After locating the line that contains "IC3: LIS3MDL; LGA12_2X2MM" in the records below, write out exactly that line and each line after it through the one that contains "D14/MISO: MB1.P14 (#14/MISO/P0.22), MDBT1.22", and nothing else.

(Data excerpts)
════════════════

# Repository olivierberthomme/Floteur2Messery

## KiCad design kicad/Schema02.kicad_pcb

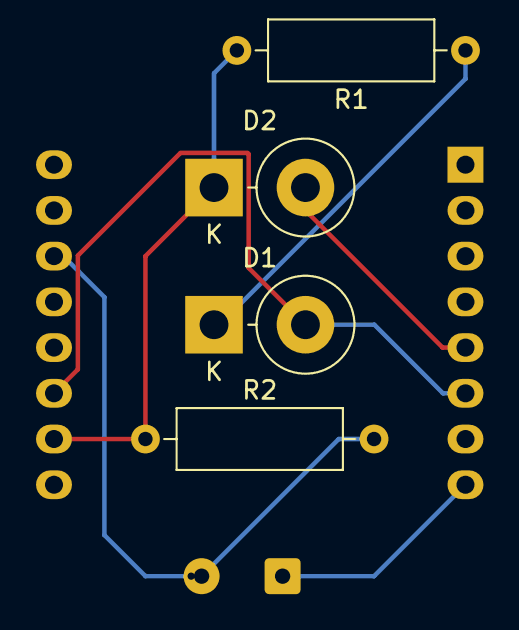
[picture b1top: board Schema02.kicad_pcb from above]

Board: 2 copper layers, 6 parts (0 on the bottom side), 6 nets.

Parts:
D1: LED Bleue; D_DO-201AD_P5.08mm_Vertical_KathodeUp
D2: LED Rouge; D_DO-201AD_P5.08mm_Vertical_KathodeUp
J1: Conn_01x02; SolderWire-0.25sqmm_1x02_P4.5mm_D0.65mm_OD2mm
R1, R2: R; R_Axial_DIN0309_L9.0mm_D3.2mm_P12.70mm_Horizontal
U1: WeMos_D1_mini; WEMOS_D1_mini_light

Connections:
unnamed: D1.1, R1.1
unnamed: D1.2, U1.6, U1.11
unnamed: D2.1, R1.2, R2.1, U1.10
unnamed: D2.2, U1.5
unnamed: J1.1, U1.8
unnamed: J1.2, R2.2, U1.14

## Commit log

2020-09-27 Public
2020-09-27 Create LICENSE
2020-09-27 Moved to secrets.h
2020-11-22 Added retry if internet fails
2021-11-28 Do not send message by night and 1 message/day if all good
2023-12-18 Add birthday message
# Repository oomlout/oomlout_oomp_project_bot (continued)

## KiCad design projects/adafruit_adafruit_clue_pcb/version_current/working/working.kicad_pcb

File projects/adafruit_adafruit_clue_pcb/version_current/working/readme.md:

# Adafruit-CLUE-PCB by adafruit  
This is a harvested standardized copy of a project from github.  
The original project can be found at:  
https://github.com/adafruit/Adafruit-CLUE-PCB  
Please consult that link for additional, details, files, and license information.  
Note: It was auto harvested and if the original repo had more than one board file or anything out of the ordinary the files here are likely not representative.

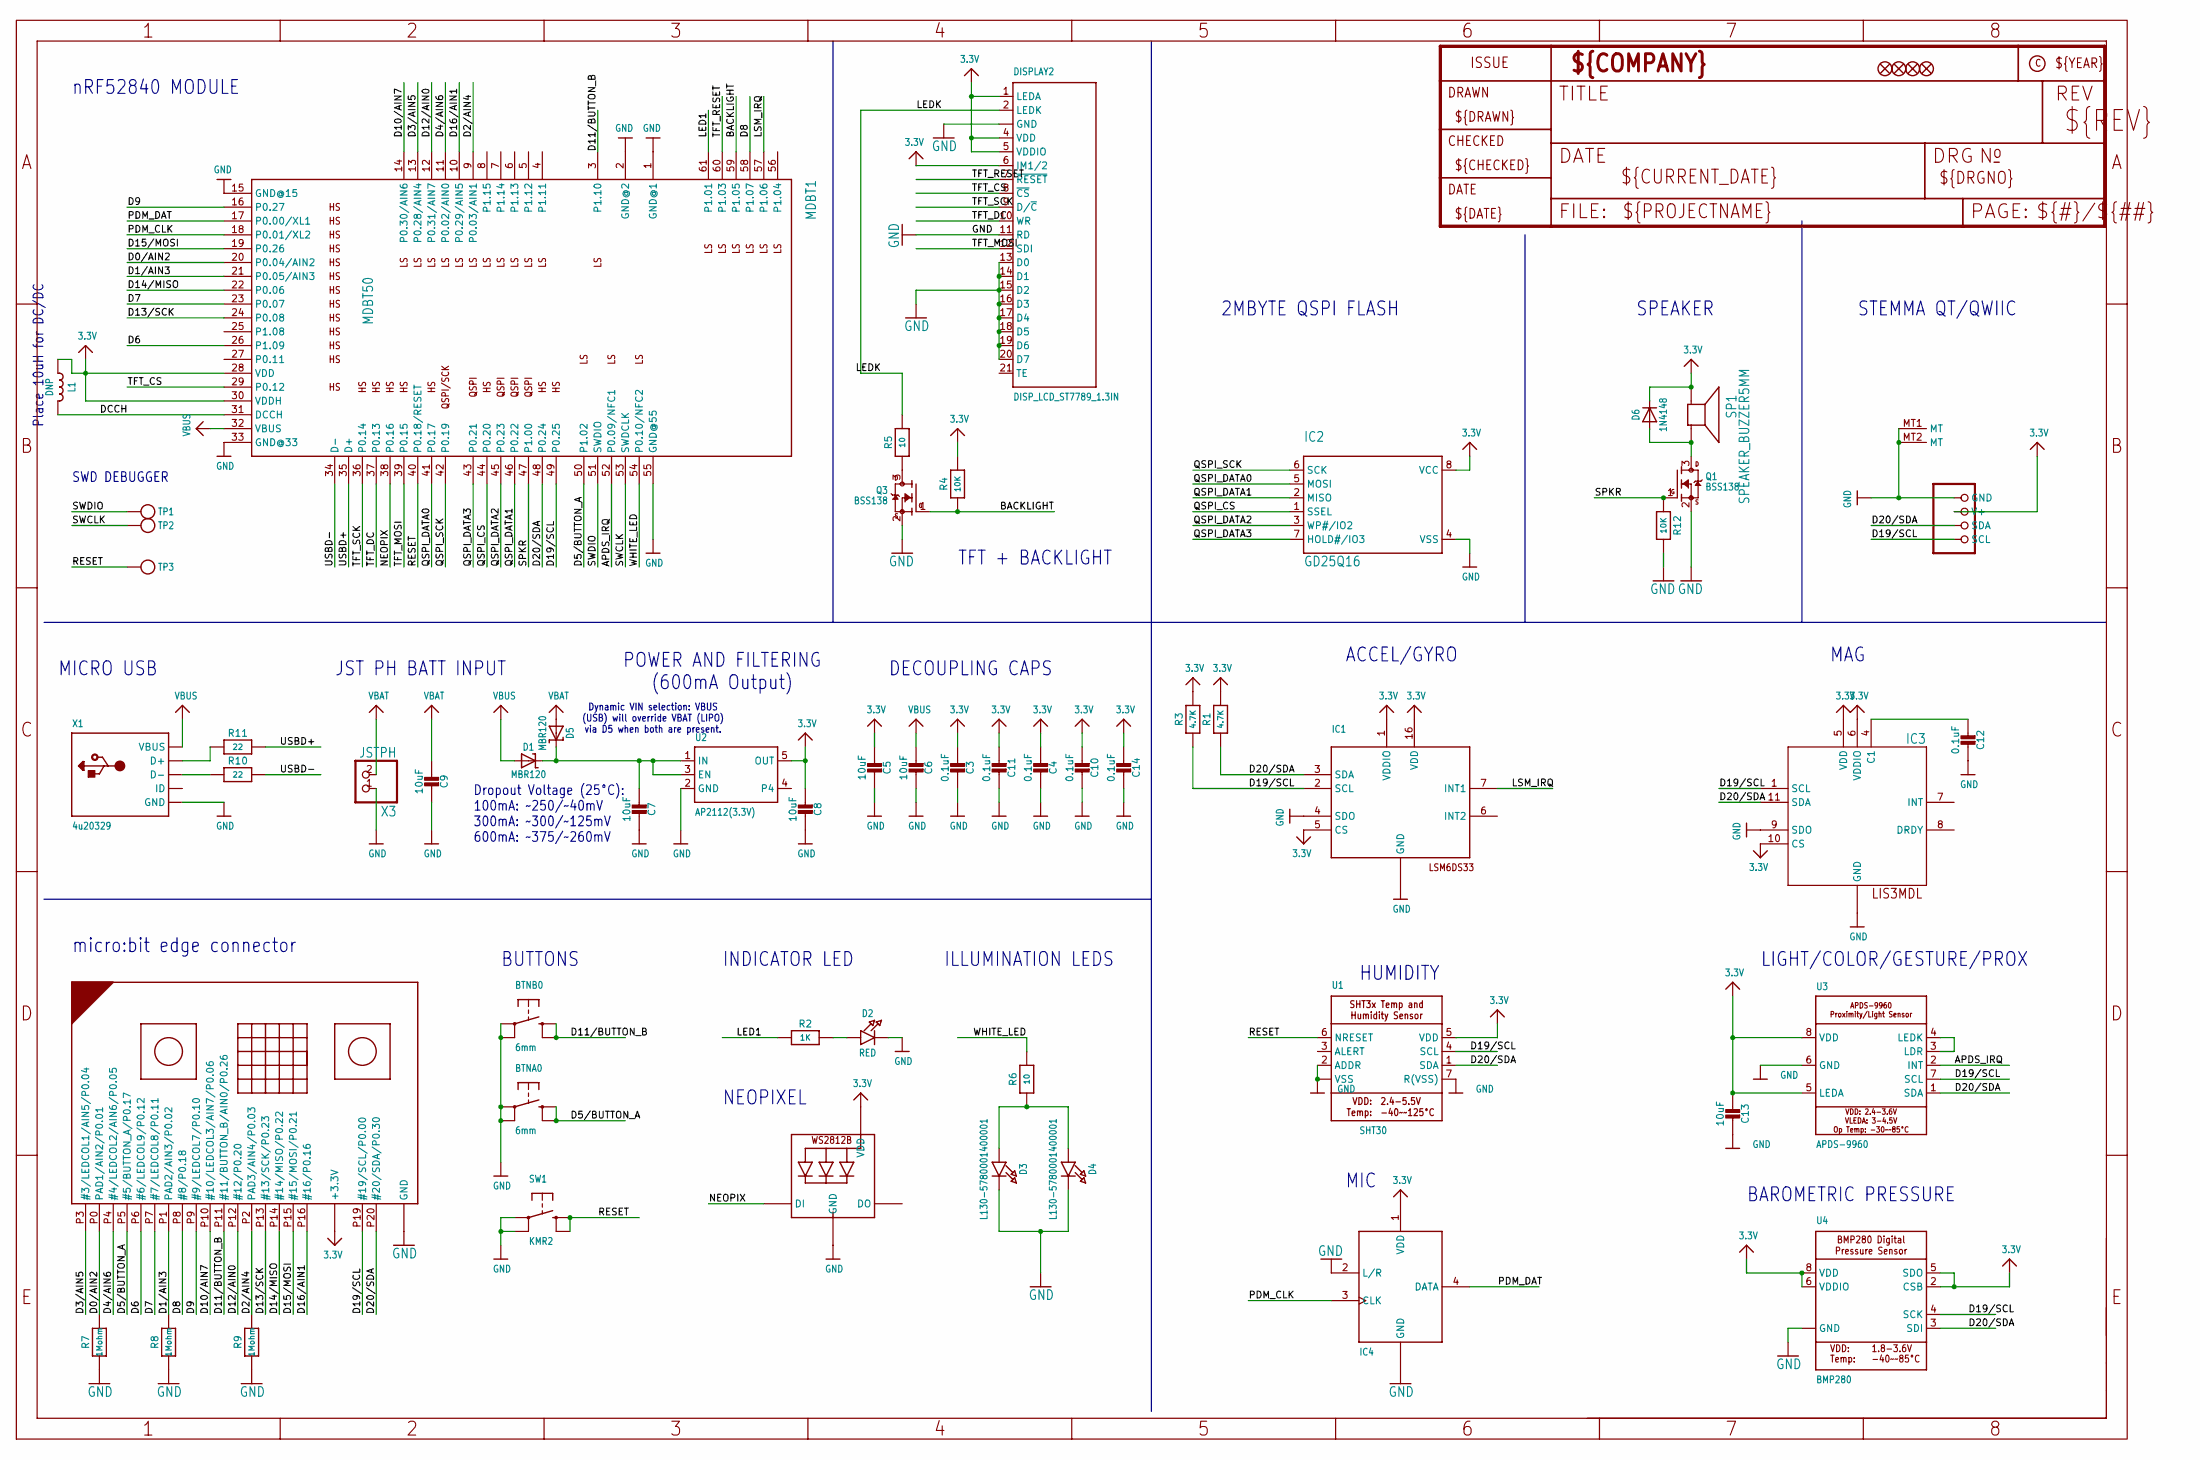
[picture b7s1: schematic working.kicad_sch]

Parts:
BTNA0: 6mm; 6MMX6MM_TACTILE_SMT
BTNB0: 6mm; 6MMX6MM_TACTILE_SMT
C3, C4, C10, C11, C12, C14: 0.1uF; 0603-NO
C5, C6, C7, C8, C9, C13: 10uF; 0805-NO
CONN1: STEMMA_I2C_QT; JST_SH4
D1, D5: MBR120; SOD-123
D2: RED; CHIPLED_0603_NOOUTLINE
D3, D4: L130-5780001400001; EVERLIGHT_45-21
D6: 1N4148; SOD-323
DISPLAY2: DISP_LCD_ST7789_1.3IN; TFT_1.3IN_240X240_24P
FID1, FID2, FID3, FID4: FIDUCIAL_1MM
IC1: LSM6DS33; LGA16_3X3MM
IC2: GD25Q16; SOIC8_150MIL
IC3: LIS3MDL; LGA12_2X2MM
IC4: MIC_PDM_SPK0415; SPK0415HM4H
L1: DNP; _0805MP
LED1: WS2812B3535; LED3535
MB1: MICRO:BIT_EDGE; MICROBIT_EDGE
MDBT1: MDBT50
Q1, Q3: BSS138; SOT23-WIDE
R1, R3: 4.7K; 0603-NO
R2: 1K; 0603-NO
R4, R12: 10K; 0603-NO
R5, R6: 10; 0603-NO
R7, R8, R9: 1Mohm; 0603-NO
R10, R11: 22; 0603-NO
SP1: SPEAKER_BUZZER5MM; BUZZER_SMT_5MM
SW1: KMR2; EVQ-Q2_SMALLER
TP1, TP2, TP3: TESTPOINTROUND1.5MM; TESTPOINT_ROUND_1.5MM
U1: SHT30; SHT3X
U2: AP2112(3.3V); SOT23-5
U3: APDS-9960
U4: BMP280
X1: 4u20329; 4UCONN_20329_SLIM
X3: JSTPH; JSTPH2

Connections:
3.3V: C3.2, C4.2, C5.2, C8.2, C10.2, C11.2, C13.2, C14.2, CONN1.2 (V+), D6.C, DISPLAY2.1 (LEDA), DISPLAY2.4 (VDD), DISPLAY2.5 (VDDIO), DISPLAY2.6 (IM1/2), IC1.1 (VDDIO), IC1.5 (CS), IC1.16 (VDD), IC2.8 (VCC), IC3.5 (VDD), IC3.6 (VDDIO), IC3.10 (CS), IC4.1 (VDD), L1.1, LED1.2 (VDD), MB1.+3V3 (+3.3V), MB1.+3V3@1 (+3.3V), MB1.+3V3@2 (+3.3V), MDBT1.28 (VDD), MDBT1.30 (VDDH), R1.2, R3.2, R4.2, SP1.+, U1.5 (VDD), U2.5 (OUT), U3.5 (LEDA), U3.8 (VDD), U4.2 (CSB), U4.5 (SDO), U4.6 (VDDIO), U4.8 (VDD)
APDS_IRQ: MDBT1.52 (P0.09/NFC1), U3.2 (INT)
BACKLIGHT: MDBT1.59 (P1.05), Q3.1 (G), R4.1
CAP1: C12.2, IC3.4 (C1)
D0/AIN2: MB1.P0 (PAD1/AIN2/P0.01), MDBT1.20 (P0.04/AIN2), R7.2
D1/AIN3: MB1.P1 (PAD2/AIN3/P0.02), MDBT1.21 (P0.05/AIN3), R8.2
D2/AIN4: MB1.P2 (PAD3/AIN4/P0.03), MDBT1.9 (P0.03/AIN1), R9.2
D3/AIN5: MB1.P3 (#3/LEDCOL1/AIN5/P0.04), MDBT1.13 (P0.28/AIN4)
D4/AIN6: MB1.P4 (#4/LEDCOL2/AIN6/P0.05), MDBT1.11 (P0.02/AIN0)
D5/BUTTON_A: BTNA0.B (S), BTNA0.B' (S1), MB1.P5 (#5/BUTTON_A/P0.17), MDBT1.50 (P1.02)
D6: MB1.P6 (#6/LEDCOL9/P0.12), MDBT1.26 (P1.09)
D7: MB1.P7 (#7/LEDCOL8/P0.11), MDBT1.23 (P0.07)
D8: MB1.P8 (#8/P0.18), MDBT1.58 (P1.07)
D9: MB1.P9 (#9/LEDCOL7/P0.10), MDBT1.16 (P0.27)
D10/AIN7: MB1.P10 (#10/LEDCOL3/AIN7/P0.06), MDBT1.14 (P0.30/AIN6)
D11/BUTTON_B: BTNB0.B (S), BTNB0.B' (S1), MB1.P11 (#11/BUTTON_B/AIN0/P0.26), MDBT1.3 (P1.10)
D12/AIN0: MB1.P12 (#12/P0.20), MDBT1.12 (P0.31/AIN7)
D13/SCK: MB1.P13 (#13/SCK/P0.23), MDBT1.24 (P0.08)
D14/MISO: MB1.P14 (#14/MISO/P0.22), MDBT1.22 (P0.06)
D15/MOSI: MB1.P15 (#15/MOSI/P0.21), MDBT1.19 (P0.26)
D16/AIN1: MB1.P16 (#16/P0.16), MDBT1.10 (P0.29/AIN5)
D19/SCL: CONN1.4 (SCL), IC1.2 (SCL), IC3.1 (SCL), MB1.P19 (#19/SCL/P0.00), MDBT1.49 (P0.25), R3.1, U1.4 (SCL), U3.7 (SCL), U4.4 (SCK)
D20/SDA: CONN1.3 (SDA), IC1.3 (SDA), IC3.11 (SDA), MB1.P20 (#20/SDA/P0.30), MDBT1.48 (P0.24), R1.1, U1.1 (SDA), U3.1 (SDA), U4.3 (SDI)
D+: R11.1, X1.D+
D-: R10.1, X1.D-
DCCH: L1.2, MDBT1.31 (DCCH)
GND: BTNA0.A, BTNA0.A' (P1), BTNB0.A, BTNB0.A' (P1), C3.1, C4.1, C5.1, C6.1, C7.1, C8.1, C9.1, C10.1, C11.1, C12.1, C13.1, C14.1, CONN1.1 (GND), CONN1.MT1 (MT), CONN1.MT2 (MT), D2.C, D3.K (C), D4.K (C), DISPLAY2.3 (GND), DISPLAY2.11 (RD), DISPLAY2.13 (D0), DISPLAY2.14 (D1), DISPLAY2.15 (D2), DISPLAY2.16 (D3), DISPLAY2.17 (D4), DISPLAY2.18 (D5), DISPLAY2.19 (D6), DISPLAY2.20 (D7), DISPLAY2.23 (GND), DISPLAY2.24 (GND), IC1.4 (SDO), IC1.8 (GND), IC1.9 (GND), IC1.10 (GND), IC1.11 (GND), IC1.12 (GND), IC1.13 (GND), IC1.15 (GND), IC2.4 (VSS), IC3.2 (GND), IC3.3 (GND), IC3.9 (SDO), IC3.12 (GND), IC4.2 (L/R), IC4.5 (GND), IC4.6 (GND), IC4.7 (GND), IC4.8 (GND), LED1.4 (GND), MB1.GND, MB1.GND@1 (GND), MB1.GND@2 (GND), MDBT1.1 (GND@1), MDBT1.2 (GND@2), MDBT1.15 (GND@15), MDBT1.33 (GND@33), MDBT1.55 (GND@55), Q1.2 (S), Q3.2 (S), R7.1, R8.1, R9.1, R12.2, SW1.A, SW1.A' (P1), U1.2 (ADDR), U1.7 (R(VSS)), U1.8 (VSS), U1.THERMAL (VSS), U2.2 (GND), U3.6 (GND), U4.1 (GND), U4.7 (GND), X1.BASE@1 (GND), X1.BASE@2 (GND), X1.GND, X1.SPRT@1 (GND), X1.SPRT@2 (GND), X1.SPRT@3 (GND), X1.SPRT@4 (GND), X3.1
LED1: MDBT1.61 (P1.01), R2.1
LEDK: DISPLAY2.2 (LEDK), R5.2
LSM_IRQ: IC1.7 (INT1), MDBT1.57 (P1.06)
unnamed: Q3.3 (D), R5.1
unnamed: U3.3 (LDR), U3.4 (LEDK)
unnamed: D3.A, D4.A, R6.1
unnamed: D6.A, Q1.3 (D), SP1.-
unnamed: D2.A, R2.2
NEOPIX: LED1.1 (DI), MDBT1.38 (P0.16)
PDM_CLK: IC4.3 (CLK), MDBT1.18 (P0.01/XL2)
PDM_DAT: IC4.4 (DATA), MDBT1.17 (P0.00/XL1)
QSPI_CS: IC2.1 (SSEL), MDBT1.44 (P0.20)
QSPI_DATA0: IC2.5 (MOSI), MDBT1.41 (P0.17)
QSPI_DATA1: IC2.2 (MISO), MDBT1.46 (P0.22)
QSPI_DATA2: IC2.3 (WP#/IO2), MDBT1.45 (P0.23)
QSPI_DATA3: IC2.7 (HOLD#/IO3), MDBT1.43 (P0.21)
QSPI_SCK: IC2.6 (SCK), MDBT1.42 (P0.19)
RESET: MDBT1.40 (P0.18/RESET), SW1.B (S), SW1.B' (S1), TP3.P$1, U1.6 (NRESET)
SPKR: MDBT1.47 (P1.00), Q1.1 (G), R12.1
SWCLK: MDBT1.53 (SWDCLK), TP2.P$1
SWDIO: MDBT1.51 (SWDIO), TP1.P$1
TFT_CS: DISPLAY2.8 (~CS), MDBT1.29 (P0.12)
TFT_DC: DISPLAY2.10 (WR), MDBT1.37 (P0.13)
TFT_MOSI: DISPLAY2.12 (SDI), MDBT1.39 (P0.15)
TFT_RESET: DISPLAY2.7 (~RESET), MDBT1.60 (P1.03)
TFT_SCK: DISPLAY2.9 (D/~C), MDBT1.36 (P0.14)
USBD+: MDBT1.35 (D+), R11.2
USBD-: MDBT1.34 (D-), R10.2
VBAT: C9.2, D5.A, X3.2
VBUS: C6.2, D1.A, MDBT1.32 (VBUS), X1.VBUS
VHI: C7.2, D1.C, D5.C, U2.1 (IN), U2.3 (EN)
WHITE_LED: MDBT1.54 (P0.10/NFC2), R6.2

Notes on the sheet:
BUTTONS
POWER AND FILTERING (600mA Output)
NEOPIXEL
TFT + BACKLIGHT
STEMMA QT/QWIIC
MICRO USB
HUMIDITY
MIC
Place 10uH for DC/DC
nRF52840 MODULE
MAG
2MBYTE QSPI FLASH
INDICATOR LED
ACCEL/GYRO
DECOUPLING CAPS
ILLUMINATION LEDS
SPEAKER
SWD DEBUGGER
BAROMETRIC PRESSURE
Dropout Voltage (25°C): 100mA: ~250/~40mV 300mA: ~300/~125mV 600mA: ~375/~260mV
LIGHT/COLOR/GESTURE/PROX
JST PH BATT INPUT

════════════════

Reply |
IC3: LIS3MDL; LGA12_2X2MM
IC4: MIC_PDM_SPK0415; SPK0415HM4H
L1: DNP; _0805MP
LED1: WS2812B3535; LED3535
MB1: MICRO:BIT_EDGE; MICROBIT_EDGE
MDBT1: MDBT50
Q1, Q3: BSS138; SOT23-WIDE
R1, R3: 4.7K; 0603-NO
R2: 1K; 0603-NO
R4, R12: 10K; 0603-NO
R5, R6: 10; 0603-NO
R7, R8, R9: 1Mohm; 0603-NO
R10, R11: 22; 0603-NO
SP1: SPEAKER_BUZZER5MM; BUZZER_SMT_5MM
SW1: KMR2; EVQ-Q2_SMALLER
TP1, TP2, TP3: TESTPOINTROUND1.5MM; TESTPOINT_ROUND_1.5MM
U1: SHT30; SHT3X
U2: AP2112(3.3V); SOT23-5
U3: APDS-9960
U4: BMP280
X1: 4u20329; 4UCONN_20329_SLIM
X3: JSTPH; JSTPH2

Connections:
3.3V: C3.2, C4.2, C5.2, C8.2, C10.2, C11.2, C13.2, C14.2, CONN1.2 (V+), D6.C, DISPLAY2.1 (LEDA), DISPLAY2.4 (VDD), DISPLAY2.5 (VDDIO), DISPLAY2.6 (IM1/2), IC1.1 (VDDIO), IC1.5 (CS), IC1.16 (VDD), IC2.8 (VCC), IC3.5 (VDD), IC3.6 (VDDIO), IC3.10 (CS), IC4.1 (VDD), L1.1, LED1.2 (VDD), MB1.+3V3 (+3.3V), MB1.+3V3@1 (+3.3V), MB1.+3V3@2 (+3.3V), MDBT1.28 (VDD), MDBT1.30 (VDDH), R1.2, R3.2, R4.2, SP1.+, U1.5 (VDD), U2.5 (OUT), U3.5 (LEDA), U3.8 (VDD), U4.2 (CSB), U4.5 (SDO), U4.6 (VDDIO), U4.8 (VDD)
APDS_IRQ: MDBT1.52 (P0.09/NFC1), U3.2 (INT)
BACKLIGHT: MDBT1.59 (P1.05), Q3.1 (G), R4.1
CAP1: C12.2, IC3.4 (C1)
D0/AIN2: MB1.P0 (PAD1/AIN2/P0.01), MDBT1.20 (P0.04/AIN2), R7.2
D1/AIN3: MB1.P1 (PAD2/AIN3/P0.02), MDBT1.21 (P0.05/AIN3), R8.2
D2/AIN4: MB1.P2 (PAD3/AIN4/P0.03), MDBT1.9 (P0.03/AIN1), R9.2
D3/AIN5: MB1.P3 (#3/LEDCOL1/AIN5/P0.04), MDBT1.13 (P0.28/AIN4)
D4/AIN6: MB1.P4 (#4/LEDCOL2/AIN6/P0.05), MDBT1.11 (P0.02/AIN0)
D5/BUTTON_A: BTNA0.B (S), BTNA0.B' (S1), MB1.P5 (#5/BUTTON_A/P0.17), MDBT1.50 (P1.02)
D6: MB1.P6 (#6/LEDCOL9/P0.12), MDBT1.26 (P1.09)
D7: MB1.P7 (#7/LEDCOL8/P0.11), MDBT1.23 (P0.07)
D8: MB1.P8 (#8/P0.18), MDBT1.58 (P1.07)
D9: MB1.P9 (#9/LEDCOL7/P0.10), MDBT1.16 (P0.27)
D10/AIN7: MB1.P10 (#10/LEDCOL3/AIN7/P0.06), MDBT1.14 (P0.30/AIN6)
D11/BUTTON_B: BTNB0.B (S), BTNB0.B' (S1), MB1.P11 (#11/BUTTON_B/AIN0/P0.26), MDBT1.3 (P1.10)
D12/AIN0: MB1.P12 (#12/P0.20), MDBT1.12 (P0.31/AIN7)
D13/SCK: MB1.P13 (#13/SCK/P0.23), MDBT1.24 (P0.08)
D14/MISO: MB1.P14 (#14/MISO/P0.22), MDBT1.22 (P0.06)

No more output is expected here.